The value of ${\text{μ}}_B$ and $B$ are ($\text{9}\text{.274}\times {\text{10}}^{-\text{24}}\text{J}/\text{T}$) and $0.557\text{T}$.

Substitute the values of ${\text{μ}}_B$, $B$ and $g$ in equation (1).

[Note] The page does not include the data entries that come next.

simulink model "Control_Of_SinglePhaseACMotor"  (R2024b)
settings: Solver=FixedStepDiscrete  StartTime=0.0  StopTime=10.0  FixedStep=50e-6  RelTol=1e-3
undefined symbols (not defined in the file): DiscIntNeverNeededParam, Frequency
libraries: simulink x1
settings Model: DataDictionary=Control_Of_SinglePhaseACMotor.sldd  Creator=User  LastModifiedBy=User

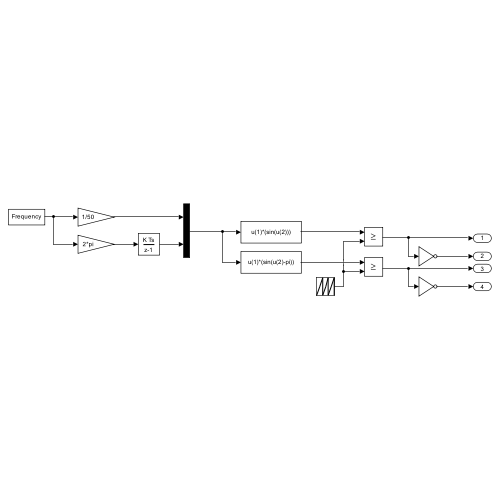
[thumbnail: Simulink's stored preview of the top-level diagram]
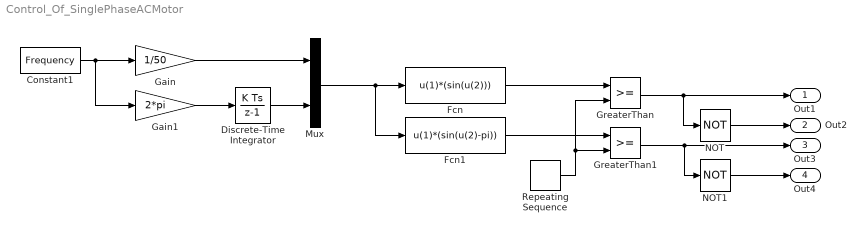
== system Control_Of_SinglePhaseACMotor ==
  Constant1 : Constant  Value=Frequency
  Discrete-Time Integrator : DiscreteIntegrator  SampleTime=-1  ICPrevOutput=DiscIntNeverNeededParam  ICPrevScaledInput=DiscIntNeverNeededParam
  Fcn : Fcn  Expr=u(1)*(sin(u(2)))
  Fcn1 : Fcn  Expr=u(1)*(sin(u(2)-pi))
  Gain : Gain  Gain=1/50
  Gain1 : Gain  Gain=2*pi
  GreaterThan : RelationalOperator  OutDataTypeStr=boolean  RndMeth=Simplest  InputSameDT=off
  GreaterThan1 : RelationalOperator  OutDataTypeStr=boolean  RndMeth=Simplest  InputSameDT=off
  Mux : Mux  Inputs=2
  NOT : Logic  Operator=NOT  IconShape=distinctive  AllPortsSameDT=off  OutDataTypeStr=boolean
  NOT1 : Logic  Operator=NOT  IconShape=distinctive  AllPortsSameDT=off  OutDataTypeStr=boolean
  Repeating Sequence : simulink/Sources/Repeating Sequence  rep_seq_t=[0 1 2]  rep_seq_y=[-1 0 1]
  Out1 : Outport
  Out2 : Outport  Port=2
  Out3 : Outport  Port=3
  Out4 : Outport  Port=4
  wires:
  Constant1/1 -> Gain1/1, Gain/1
  Gain1/1 -> Discrete-Time Integrator/1
  Gain/1 -> Mux/1
  Discrete-Time Integrator/1 -> Mux/2
  Mux/1 -> Fcn1/1, Fcn/1
  NOT1/1 -> Out4/1
  GreaterThan1/1 -> NOT1/1, Out3/1
  Repeating Sequence/1 -> GreaterThan1/2, GreaterThan/2
  Fcn1/1 -> GreaterThan1/1
  Fcn/1 -> GreaterThan/1
  GreaterThan/1 -> NOT/1, Out1/1
  NOT/1 -> Out2/1

When $M_J=\left(-\frac{3}{2}\right)$,

$\begin{array}{rll}\Delta E& =& g\cdot {\text{μ}}_B\cdot M_J\cdot B\\ & =& \frac{2}{5}\times 9.274\times {10}^{-24}\text{J}/\text{T}\times \left(-\frac{3}{2}\right)\times 0.557\text{T}\\ & =& \left(-\frac{3}{5}\right)\times 5.165\times {10}^{-24}\text{J}\\ & =& -3.10\times {10}^{-24}\text{J}\end{array}$

When $M_J=\left(-\frac{1}{2}\right)$,

$\begin{array}{rll}\Delta E& =& g\cdot {\text{μ}}_B\cdot M_J\cdot B\\ & =& \frac{2}{5}\times 9.274\times {10}^{-24}\text{J}/\text{T}\times \left(-\frac{1}{2}\right)\times 0.557\text{T}\\ & =& \left(-\frac{1}{5}\right)\times 5.165\times {10}^{-24}\text{J}\\ & =& -1.03\times {10}^{-24}\text{J}\end{array}$

When $M_J=0$, $\Delta E$ will be zero.

When $M_J=\frac{3}{2}$,

$\begin{array}{rll}\Delta E& =& g\cdot {\text{μ}}_B\cdot M_J\cdot B\\ & =& \frac{2}{5}\times 9.274\times {10}^{-24}\text{J}/\text{T}\times \frac{3}{2}\times 0.557\text{T}\\ & =& \frac{3}{5}\times 5.165\times {10}^{-24}\text{J}\\ & =& 3.10\times {10}^{-24}\text{J}\end{array}$

When $M_J=\frac{1}{2}$,

$\begin{array}{rll}\Delta E& =& g\cdot {\text{μ}}_B\cdot M_J\cdot B\\ & =& \frac{2}{5}\times 9.274\times {10}^{-24}\text{J}/\text{T}\times \frac{1}{2}\times 0.557\text{T}\\ & =& \frac{1}{5}\times 5.165\times {10}^{-24}\text{J}\\ & =& 1.03\times {10}^{-24}\text{J}\end{array}$

Conclusion

The $\Delta E$ values experienced by the ground state $\left({}^{\text{4}}{\text{F}}_{\text{3}/\text{2}}\right)$ energy levels of $\text{V}$ atom are $-3.10\times {10}^{-24}\text{J}$, $-1.03\times {10}^{-24}\text{J}$, $+1.03\times {10}^{-24}\text{J}$ and $+3.10\times {10}^{-24}\text{J}$.